Each line below must be set down exactly; omit any image you find.

□ □ □ □ □ □ □

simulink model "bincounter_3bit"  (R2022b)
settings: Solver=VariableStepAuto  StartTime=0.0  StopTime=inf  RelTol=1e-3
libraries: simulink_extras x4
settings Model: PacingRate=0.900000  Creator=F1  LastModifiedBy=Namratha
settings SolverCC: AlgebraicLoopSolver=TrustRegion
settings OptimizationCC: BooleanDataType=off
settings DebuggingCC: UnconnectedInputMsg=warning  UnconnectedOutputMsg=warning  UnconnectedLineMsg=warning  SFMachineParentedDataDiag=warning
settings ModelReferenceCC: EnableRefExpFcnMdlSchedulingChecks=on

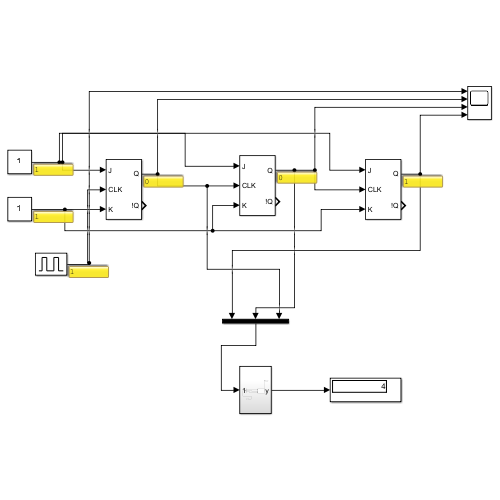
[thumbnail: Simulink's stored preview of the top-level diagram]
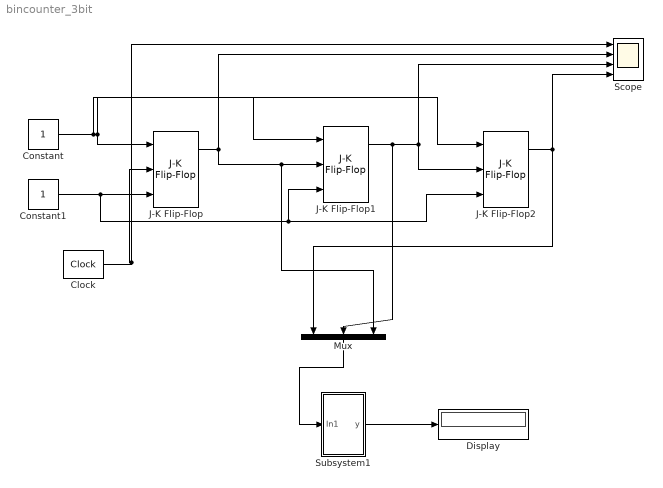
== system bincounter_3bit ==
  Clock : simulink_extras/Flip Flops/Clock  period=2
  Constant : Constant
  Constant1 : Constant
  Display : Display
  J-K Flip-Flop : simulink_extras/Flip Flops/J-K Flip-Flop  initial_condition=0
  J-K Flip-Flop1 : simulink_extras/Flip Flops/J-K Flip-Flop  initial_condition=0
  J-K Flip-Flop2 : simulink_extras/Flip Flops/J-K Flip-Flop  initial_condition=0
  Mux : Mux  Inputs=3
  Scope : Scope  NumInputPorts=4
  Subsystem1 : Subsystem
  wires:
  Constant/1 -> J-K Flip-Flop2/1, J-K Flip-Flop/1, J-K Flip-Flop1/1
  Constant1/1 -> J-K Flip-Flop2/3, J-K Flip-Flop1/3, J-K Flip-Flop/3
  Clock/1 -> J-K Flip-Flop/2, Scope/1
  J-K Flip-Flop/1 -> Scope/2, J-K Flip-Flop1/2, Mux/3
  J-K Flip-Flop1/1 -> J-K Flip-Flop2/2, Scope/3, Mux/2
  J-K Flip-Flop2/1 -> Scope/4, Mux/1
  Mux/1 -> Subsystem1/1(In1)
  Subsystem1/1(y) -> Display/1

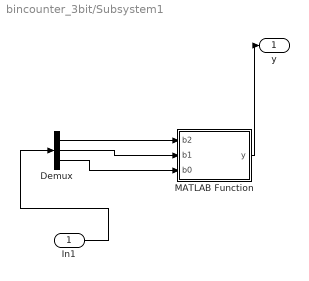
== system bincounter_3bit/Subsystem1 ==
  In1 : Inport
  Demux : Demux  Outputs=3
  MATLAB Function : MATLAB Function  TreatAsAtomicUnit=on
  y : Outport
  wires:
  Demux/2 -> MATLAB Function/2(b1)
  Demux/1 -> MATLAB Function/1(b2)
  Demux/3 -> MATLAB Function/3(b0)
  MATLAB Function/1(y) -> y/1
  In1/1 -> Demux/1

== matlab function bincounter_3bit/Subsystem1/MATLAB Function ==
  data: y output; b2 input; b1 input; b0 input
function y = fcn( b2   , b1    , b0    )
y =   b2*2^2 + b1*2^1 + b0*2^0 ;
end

□ □ □ □ □ □ □

## SOLUTION
simulink model "bincounter_3bit"  (R2022b)
settings: Solver=VariableStepAuto  StartTime=0.0  StopTime=inf  RelTol=1e-3
libraries: simulink_extras x4
settings Model: PacingRate=0.900000  Creator=F1  LastModifiedBy=Namratha
settings SolverCC: AlgebraicLoopSolver=TrustRegion
settings OptimizationCC: BooleanDataType=off
settings DebuggingCC: UnconnectedInputMsg=warning  UnconnectedOutputMsg=warning  UnconnectedLineMsg=warning  SFMachineParentedDataDiag=warning
settings ModelReferenceCC: EnableRefExpFcnMdlSchedulingChecks=on

[thumbnail: Simulink's stored preview of the top-level diagram]
== system bincounter_3bit ==
  Clock : simulink_extras/Flip Flops/Clock  period=2
  Constant : Constant
  Constant1 : Constant
  Display : Display
  J-K Flip-Flop : simulink_extras/Flip Flops/J-K Flip-Flop  initial_condition=0
  J-K Flip-Flop1 : simulink_extras/Flip Flops/J-K Flip-Flop  initial_condition=0
  J-K Flip-Flop2 : simulink_extras/Flip Flops/J-K Flip-Flop  initial_condition=0
  Mux : Mux  Inputs=3
  Scope : Scope  NumInputPorts=4
  Subsystem1 : Subsystem
  wires:
  Constant/1 -> J-K Flip-Flop2/1, J-K Flip-Flop/1, J-K Flip-Flop1/1
  Constant1/1 -> J-K Flip-Flop2/3, J-K Flip-Flop1/3, J-K Flip-Flop/3
  Clock/1 -> J-K Flip-Flop/2, Scope/1
  J-K Flip-Flop/1 -> Scope/2, J-K Flip-Flop1/2, Mux/3
  J-K Flip-Flop1/1 -> J-K Flip-Flop2/2, Scope/3, Mux/2
  J-K Flip-Flop2/1 -> Scope/4, Mux/1
  Mux/1 -> Subsystem1/1(In1)
  Subsystem1/1(y) -> Display/1

== system bincounter_3bit/Subsystem1 ==
  In1 : Inport
  Demux : Demux  Outputs=3
  MATLAB Function : MATLAB Function  TreatAsAtomicUnit=on
  y : Outport
  wires:
  Demux/2 -> MATLAB Function/2(b1)
  Demux/1 -> MATLAB Function/1(b2)
  Demux/3 -> MATLAB Function/3(b0)
  MATLAB Function/1(y) -> y/1
  In1/1 -> Demux/1

== matlab function bincounter_3bit/Subsystem1/MATLAB Function ==
  data: y output; b2 input; b1 input; b0 input
function y = fcn( b2   , b1    , b0    )
y =   b2*2^2 + b1*2^1 + b0*2^0 ;
end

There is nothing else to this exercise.